She has stayed on Twitter largely to get us through Omicron, though what it will mean to get through the pandemic as a whole is shifting. In the Bay Area, highly effective COVID-19 vaccines are widely available, as are antiviral therapies, quality masks, testing and wastewater surveillance for new variants. Postponed FDA approval for Pfizer’s vaccine use for children under 5 is a setback, but we could see it in the next couple of months, Gandhi says. This “will be important during this phase as many parents feel anxious about having them be the only group without a vaccine, although children under 5 are very low risk.”
With her bylines everywhere from Mission Local to the Atlantic, I can say as a parent that Gandhi’s science-based perspective is a sincere salve in a 24-hour, fear-based media landscape.
“It isn’t about completely opening society because we’ve had to try to contain the virus, and it isn’t about completely closing society,” she says before starting her clinical service for the day. “It’s the middle ground. It’s harm reduction.”
“I became extremely interested in social justice and — to me — nothing speaks more to the intersection between inequities and human disease than infectious diseases.” — Dr. Monica Gandhi
It’s also a position that two years in, more and more people seem to agree with.
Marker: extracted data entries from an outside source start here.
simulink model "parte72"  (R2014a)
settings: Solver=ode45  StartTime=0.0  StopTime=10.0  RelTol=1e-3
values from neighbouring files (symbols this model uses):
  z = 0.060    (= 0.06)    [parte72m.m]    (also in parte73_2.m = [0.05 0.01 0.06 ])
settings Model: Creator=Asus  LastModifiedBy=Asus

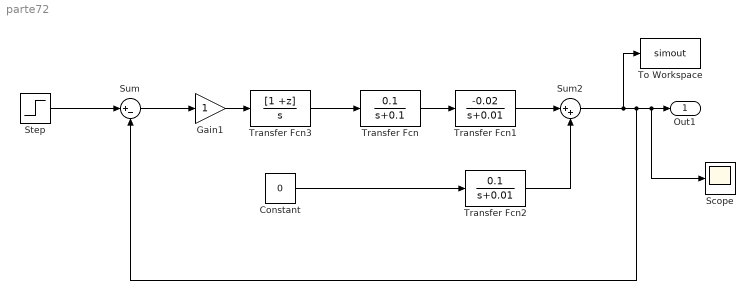
== system parte72 ==
  Constant : Constant  Value=0
  Gain1 : Gain
  Scope : Scope
  Step : Step  SampleTime=0
  Sum : Sum  Inputs=|+-
  Sum2 : Sum  Inputs=|++
  To Workspace : ToWorkspace  VariableName=simout  SaveFormat=Timeseries  SampleTime=-1
  Transfer Fcn : TransferFcn  Numerator=[0.1]  Denominator=[1 0.1]
  Transfer Fcn1 : TransferFcn  Numerator=[-0.02]  Denominator=[1 0.01]
  Transfer Fcn2 : TransferFcn  Numerator=[0.1]  Denominator=[1 0.01]
  Transfer Fcn3 : TransferFcn  Numerator=[1 +z]  Denominator=[1 0]
  Out1 : Outport
  wires:
  Step/1 -> Sum/1
  Transfer Fcn/1 -> Transfer Fcn1/1
  Sum2/1 -> To Workspace/1, Sum/2, Scope/1, Out1/1
  Transfer Fcn1/1 -> Sum2/1
  Transfer Fcn2/1 -> Sum2/2
  Sum/1 -> Gain1/1
  Constant/1 -> Transfer Fcn2/1
  Gain1/1 -> Transfer Fcn3/1
  Transfer Fcn3/1 -> Transfer Fcn/1
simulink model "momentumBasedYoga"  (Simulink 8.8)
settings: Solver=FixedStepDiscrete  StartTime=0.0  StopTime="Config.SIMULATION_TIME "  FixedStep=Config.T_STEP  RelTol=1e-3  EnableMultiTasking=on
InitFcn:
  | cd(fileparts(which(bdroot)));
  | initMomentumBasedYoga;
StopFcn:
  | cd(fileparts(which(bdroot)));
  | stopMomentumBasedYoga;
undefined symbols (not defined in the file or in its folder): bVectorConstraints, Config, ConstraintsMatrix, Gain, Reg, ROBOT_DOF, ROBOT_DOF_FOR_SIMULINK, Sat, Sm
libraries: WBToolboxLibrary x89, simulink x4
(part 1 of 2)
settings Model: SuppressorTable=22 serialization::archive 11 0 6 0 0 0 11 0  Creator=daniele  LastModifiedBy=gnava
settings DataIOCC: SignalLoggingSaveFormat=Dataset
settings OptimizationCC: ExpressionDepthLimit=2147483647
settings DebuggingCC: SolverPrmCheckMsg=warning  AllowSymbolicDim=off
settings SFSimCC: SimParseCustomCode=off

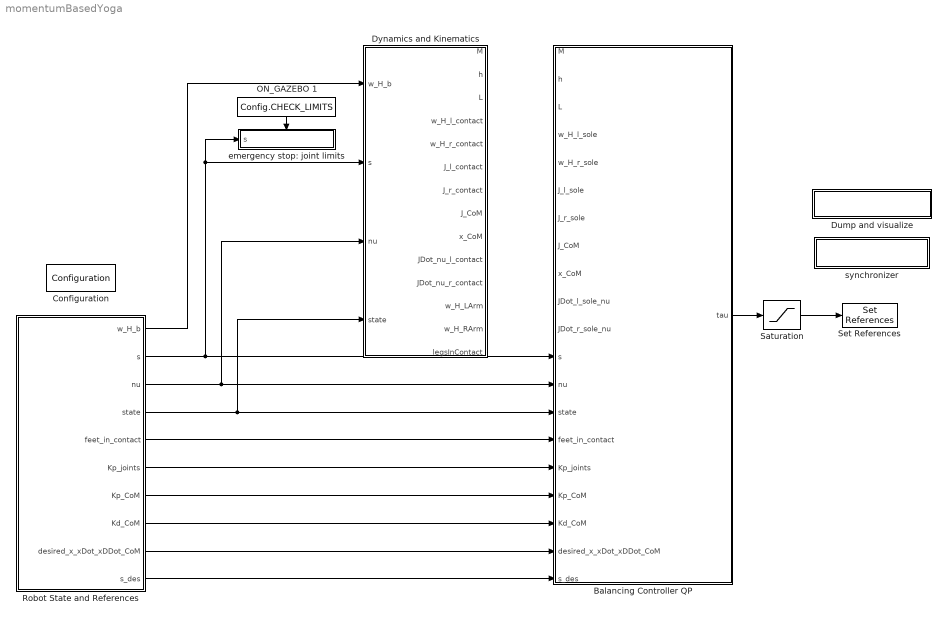
== system momentumBasedYoga ==
  Balancing Controller QP : Subsystem
  Configuration : WBToolboxLibrary/Utilities/Configuration  ConfigSource=Workspace  ConfigObject='WBTConfigRobot'  RobotName='icub'  UrdfFile='model.urdf'  ControlledJoints={'l_elbow','l_shoulder_pitch','torso_roll'}  ControlBoardsNames={'left_arm','right_arm','torso'}  LocalName='WBT'  GravityVector=[0,0,-9.81]
  Dump and visualize : Subsystem
      mask Display: disp('VISUALIZER')
  Dynamics and Kinematics : Subsystem
  ON_GAZEBO 1 : Constant  Value=Config.CHECK_LIMITS
  Robot State and References : Subsystem  Priority=-10
  Saturation : Saturate  UpperLimit=Sat.torque  LowerLimit=-Sat.torque
  Set References : WBToolboxLibrary/wholeBodyActuators/Set References  controlType=Torque  refSpeed=50
  emergency stop: joint limits : Subsystem
      mask Display: disp('EMERGENCY STOP')
  synchronizer : Subsystem
      mask Display: disp('SYNCHRONIZER')
  wires:
  Saturation/1 -> Set References/1
  ON_GAZEBO 1/1 -> emergency stop: joint limits/Enable
  Robot State and References/1(w_H_b) -> Dynamics and Kinematics/1(w_H_b)
  Robot State and References/2(s) -> Balancing Controller QP/12(s), emergency stop: joint limits/1(s), Dynamics and Kinematics/2(s)
  Robot State and References/3(nu) -> Balancing Controller QP/13(nu), Dynamics and Kinematics/3(nu)
  Robot State and References/4(state) -> Dynamics and Kinematics/4("state "), Balancing Controller QP/14(state)
  Robot State and References/5(feet_in_contact) -> Balancing Controller QP/15(feet_in_contact)
  Robot State and References/6(Kp_joints) -> Balancing Controller QP/16(Kp_joints)
  Robot State and References/7(Kp_CoM) -> Balancing Controller QP/17(Kp_CoM)
  Robot State and References/8(Kd_CoM) -> Balancing Controller QP/18(Kd_CoM)
  Robot State and References/9(desired_x_xDot_xDDot_CoM) -> Balancing Controller QP/19(desired_x_xDot_xDDot_CoM)
  Robot State and References/10(s_des) -> Balancing Controller QP/20(s_des)
  Balancing Controller QP/1("tau ") -> Saturation/1

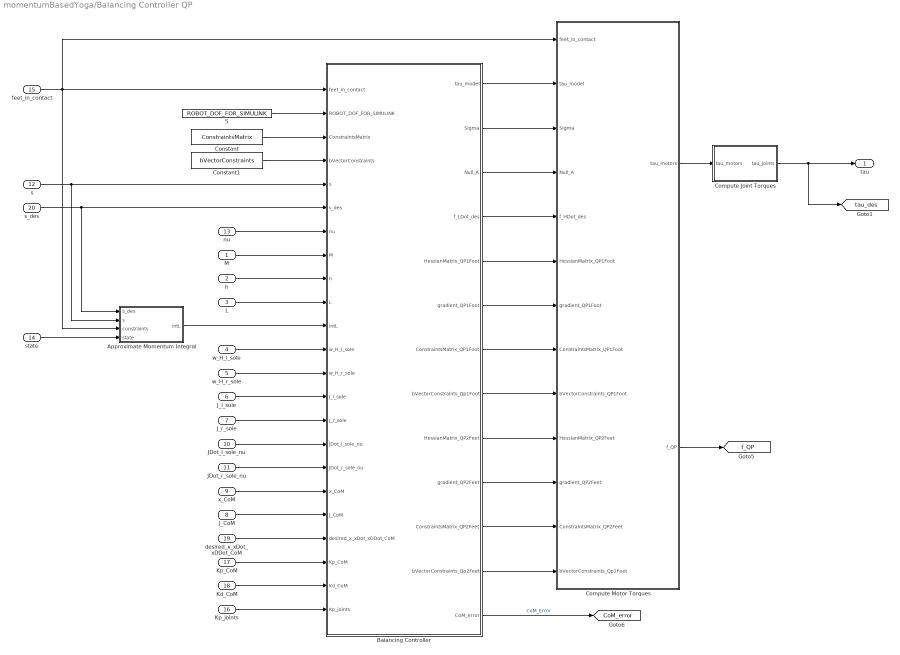
== system momentumBasedYoga/Balancing Controller QP ==
  M : Inport
  h : Inport  Port=2
  "L " : Inport  Port=3
  w_H_l_sole : Inport  Port=4
  w_H_r_sole : Inport  Port=5
  J_l_sole : Inport  Port=6
  J_r_sole : Inport  Port=7
  J_CoM : Inport  Port=8
  x_CoM : Inport  Port=9
  JDot_l_sole_nu : Inport  Port=10
  JDot_r_sole_nu : Inport  Port=11
  s : Inport  Port=12
  nu : Inport  Port=13
  state : Inport  Port=14
  feet_in_contact : Inport  Port=15
  Kp_joints : Inport  Port=16
  Kp_CoM : Inport  Port=17
  Kd_CoM : Inport  Port=18
  desired_x_xDot_xDDot_CoM : Inport  Port=19
  s_des : Inport  Port=20
  "    5" : Constant  Value=ROBOT_DOF_FOR_SIMULINK
  Approximate Momentum Integral : Subsystem
  "Balancing Controller " : MATLAB Function  TreatAsAtomicUnit=on
  Compute Joint Torques : Subsystem
  Compute Motor Torques : Subsystem
  Constant : Constant  Value=ConstraintsMatrix
  Constant1 : Constant  Value=bVectorConstraints
  "tau " : Outport
  tag scope: CoM_error=global, f_QP=global, tau_des=global
  wires:
  feet_in_contact/1 -> Compute Motor Torques/1(feet_in_contact), "Balancing Controller "/1(feet_in_contact), Approximate Momentum Integral/3(constraints)
  s/1 -> Approximate Momentum Integral/2(s), "Balancing Controller "/5(s)
  s_des/1 -> Approximate Momentum Integral/1(s_des), "Balancing Controller "/6(s_des)
  M/1 -> "Balancing Controller "/8(M)
  h/1 -> "Balancing Controller "/9(h)
  desired_x_xDot_xDDot_CoM/1 -> "Balancing Controller "/20(desired_x_xDot_xDDot_CoM)
  Kp_joints/1 -> "Balancing Controller "/23(Kp_joints)
  "L "/1 -> "Balancing Controller "/10(L)
  "    5"/1 -> "Balancing Controller "/2(ROBOT_DOF_FOR_SIMULINK)
  Constant/1 -> "Balancing Controller "/3(ConstraintsMatrix)
  Constant1/1 -> "Balancing Controller "/4(bVectorConstraints)
  nu/1 -> "Balancing Controller "/7(nu)
  Kp_CoM/1 -> "Balancing Controller "/21(Kp_CoM)
  Kd_CoM/1 -> "Balancing Controller "/22(Kd_CoM)
  w_H_r_sole/1 -> "Balancing Controller "/13(w_H_r_sole)
  w_H_l_sole/1 -> "Balancing Controller "/12(w_H_l_sole)
  J_l_sole/1 -> "Balancing Controller "/14(J_l_sole)
  J_r_sole/1 -> "Balancing Controller "/15(J_r_sole)
  Approximate Momentum Integral/1(intL) -> "Balancing Controller "/11(intL)
  JDot_l_sole_nu/1 -> "Balancing Controller "/16(JDot_l_sole_nu)
  JDot_r_sole_nu/1 -> "Balancing Controller "/17(JDot_r_sole_nu)
  J_CoM/1 -> "Balancing Controller "/19(J_CoM)
  x_CoM/1 -> "Balancing Controller "/18(x_CoM)
  state/1 -> Approximate Momentum Integral/4(state)
  Compute Motor Torques/1("tau_motors ") -> Compute Joint Torques/1(tau_motors)
  "Balancing Controller "/1(tau_model) -> Compute Motor Torques/2(tau_model)
  "Balancing Controller "/2(Sigma) -> Compute Motor Torques/3(Sigma)
  "Balancing Controller "/3(Null_A) -> Compute Motor Torques/4(Null_A)
  "Balancing Controller "/4(f_LDot_des) -> Compute Motor Torques/5(f_HDot_des)
  "Balancing Controller "/5(HessianMatrix_QP1Foot) -> Compute Motor Torques/6(HessianMatrix_QP1Foot)
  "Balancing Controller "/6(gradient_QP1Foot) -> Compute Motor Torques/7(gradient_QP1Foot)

Gandhi defined “endemicity” in the Washington Post last September, well ahead of the Omicron surge in the U.S. that put the concept — lowering incidence and reducing harm for society rather than eradicating the virus — into the mainstream conversation. Just last month, California lifted its indoor mask mandate for vaccinated individuals and adopted the country’s first endemic virus policy.
“It’s not that we didn’t try,” Gandhi says. “That we didn’t mask hard enough, and we didn’t keep our children out of school hard enough, and we didn’t keep things closed long enough. It’s because of the nature of the virus. … It has animal reservoirs. It has a long asymptomatic period. It doesn’t have sterilizing immunity to vaccines, and it looks like other respiratory pathogens. Fundamentally that means it can’t be eradicated. It’s infectious disease epidemiology 101.”
Gandhi’s deep knowledge of the history and behavior of infectious diseases goes back to a long-held fascination in microbiology. “However, it was when I went to Harvard Medical School in 1991 that I saw the politics and polarization of a relatively new infectious disease,” she says of HIV. “I became extremely interested in social justice and — to me — nothing speaks more to the intersection between inequities and human disease than infectious diseases.”
After graduating, she moved to the Bay Area in 1996 for her medical residency at UCSF because, she says, “San Francisco was the epicenter of the HIV epidemic in the U.S. in the ’80s and early ’90s and I wanted to learn from the great scientists and doctors here,” adding that she was interested “in the holistic and harm-reduction approach the region took with confronting the HIV epidemic.” Gandhi has been at the university ever since, teaching medicine, treating patients and conducting research. It’s also where she met her late husband, UCSF Professor of Medicine Dr. Rakesh Mishra, with whom she had two sons. For more than 25 years, she has remained in San Francisco and committed to the public health of its residents.
“I think the Bay Area did a great job with HIV but did not adopt a harmreduction approach to the COVID-19 pandemic, and — after the Bay Area declares endemicity — the health care establishment should take over COVID-19 management with vaccines and therapeutics. I hope the Bay Area public health enterprise then turns to some of our other pressing public health needs: HIV, TB, childhood vaccination and mental health, sexually transmitted diseases, substance use, homelessness and overdose deaths, to name a few.”
For her part, she will remain dedicated to her honored role at Ward 86. “My true love is HIV medicine,” she says. “I also love HIV research and do a lot of work on adherence to HIV prevention and treatment, including in women. I am super excited about the Moderna HIV vaccine trial.” Preliminary work with the mRNA vaccine developed for HIV has shown promise, and Gandhi will be watching the human trial closely. Because while COVID has been appropriately top of mind these past two years, there has been another virus in our midst for more than 40 now. And were it to finally be preventable with a vaccine, we may soon have cause once again to marvel at the power of science.
Julie Owono | Hair and makeup by Kadidja Sallak.
By Thane Harwood
Julie Owono – GLOBAL CITIZEN
It’s appropriate that Julie Owono has three spearheading roles — as the executive director of both the Content Policy and Society Lab at Stanford and Parisbased Internet Sans Frontières (Internet Without Borders) as well as an inaugural member of Meta’s independent Oversight Board. After all, the ability to mitigate disinformation and hate speech with any meaningful impact increasingly depends on making connections across language and industry.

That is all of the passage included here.